Put all that into a grocery store context, and it means the non-organic food we’re eating simply isn’t cutting it. “One of the suspicions about why there’s so much obesity right now is that because people are eating nutrient-deprived food [and] our bodies are saying, ‘Eat more, eat more-you’re not getting the nutrients’.” Want an example you can sink your teeth into? Try a Skippy and Wonder Bread sandwich. “You eat a slice of really wholesome organic brown bread, you feel pretty full,” says Dauncey, “but if you eat white bread and processed peanut butter, you don’t feel full, and you want more of it.”

But while Dauncey is full of daunting facts, he does see a silver lining to the dark cloud we’re currently living under. “I work on the basis that there are only two problems in the world,” he chuckles. “One is the sum total of all our social-environmental-economic-corporate-whatever-you-want-to-call-them problems; the second is the belief that we cannot solve them.”

When asked for solutions, Dauncey perks up. “Number one, eat organic food-and I mean fresh, local organic food, not cardboard strawberries from California.” (Think eating organic is too expensive? Dauncey suggests growing your own and cooking from scratch, rather than relying on pre-packaged foods.) “The second thing,” he says, “is to clean the toxins out of your house.” That includes harmful household cleaners, garden pesticides, tobacco smoke, ambient radiation and electro-magnetic exposure from cell phones, power lines and electronic appliances.
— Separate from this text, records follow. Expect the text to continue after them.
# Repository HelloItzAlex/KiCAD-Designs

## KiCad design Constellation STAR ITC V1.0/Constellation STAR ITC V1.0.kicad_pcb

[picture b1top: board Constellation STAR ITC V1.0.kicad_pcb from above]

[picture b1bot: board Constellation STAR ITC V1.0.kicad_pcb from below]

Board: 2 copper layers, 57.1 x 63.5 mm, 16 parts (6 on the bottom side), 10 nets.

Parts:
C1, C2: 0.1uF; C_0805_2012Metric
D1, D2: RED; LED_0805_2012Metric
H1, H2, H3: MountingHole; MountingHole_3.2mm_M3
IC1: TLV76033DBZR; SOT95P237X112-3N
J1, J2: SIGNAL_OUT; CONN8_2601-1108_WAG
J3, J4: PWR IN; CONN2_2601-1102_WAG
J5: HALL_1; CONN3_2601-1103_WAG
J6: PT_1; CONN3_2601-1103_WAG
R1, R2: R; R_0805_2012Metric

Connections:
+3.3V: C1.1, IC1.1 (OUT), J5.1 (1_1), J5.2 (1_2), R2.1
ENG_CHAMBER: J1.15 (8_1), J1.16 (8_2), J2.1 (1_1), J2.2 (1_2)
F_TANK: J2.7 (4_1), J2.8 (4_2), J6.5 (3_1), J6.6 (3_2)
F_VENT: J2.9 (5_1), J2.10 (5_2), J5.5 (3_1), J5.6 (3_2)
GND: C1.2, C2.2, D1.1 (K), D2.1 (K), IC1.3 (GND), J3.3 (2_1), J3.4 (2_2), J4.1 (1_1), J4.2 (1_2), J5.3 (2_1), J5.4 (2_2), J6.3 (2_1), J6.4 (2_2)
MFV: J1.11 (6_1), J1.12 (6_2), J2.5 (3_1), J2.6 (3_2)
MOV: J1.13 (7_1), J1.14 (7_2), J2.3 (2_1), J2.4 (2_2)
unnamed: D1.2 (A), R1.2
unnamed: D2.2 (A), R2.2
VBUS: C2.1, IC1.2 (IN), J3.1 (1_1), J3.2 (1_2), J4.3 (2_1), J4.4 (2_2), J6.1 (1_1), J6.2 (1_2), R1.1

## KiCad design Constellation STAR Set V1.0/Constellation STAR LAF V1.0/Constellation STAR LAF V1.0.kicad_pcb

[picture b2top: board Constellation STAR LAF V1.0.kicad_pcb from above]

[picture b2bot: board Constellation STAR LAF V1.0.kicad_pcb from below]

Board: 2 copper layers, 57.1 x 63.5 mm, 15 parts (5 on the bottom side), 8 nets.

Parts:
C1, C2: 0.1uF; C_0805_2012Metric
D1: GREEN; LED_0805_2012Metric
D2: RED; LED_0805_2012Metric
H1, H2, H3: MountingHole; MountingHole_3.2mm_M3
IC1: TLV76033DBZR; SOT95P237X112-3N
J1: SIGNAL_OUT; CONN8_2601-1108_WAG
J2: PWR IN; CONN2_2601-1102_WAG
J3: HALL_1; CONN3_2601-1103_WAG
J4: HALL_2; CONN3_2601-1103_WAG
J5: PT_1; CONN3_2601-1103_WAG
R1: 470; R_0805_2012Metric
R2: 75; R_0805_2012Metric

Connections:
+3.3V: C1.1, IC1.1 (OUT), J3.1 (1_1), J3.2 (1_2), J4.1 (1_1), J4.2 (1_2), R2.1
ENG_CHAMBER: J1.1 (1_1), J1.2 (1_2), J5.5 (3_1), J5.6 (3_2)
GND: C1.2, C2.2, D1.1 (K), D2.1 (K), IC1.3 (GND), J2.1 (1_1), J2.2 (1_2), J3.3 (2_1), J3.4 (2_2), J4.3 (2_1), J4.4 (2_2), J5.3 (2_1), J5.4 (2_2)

Despite our current woes, Dauncey remains optimistic we can find our way to a healthier future. “I’m hopeful that we can find solutions because the solutions are out there,” he concludes. “I know they make rational sense, I know they save us money and can strengthen our economies in a deep sense. If we really want to guide our culture towards what everyone wants-greater joy, happiness and inner peace-you need to remove the toxins from our food, bring back the neighbours, build stronger families, get the cars off the streets so we can talk to each other while walking around, and protect the forests and the soil.”

See? It’s easy. We just have to want it.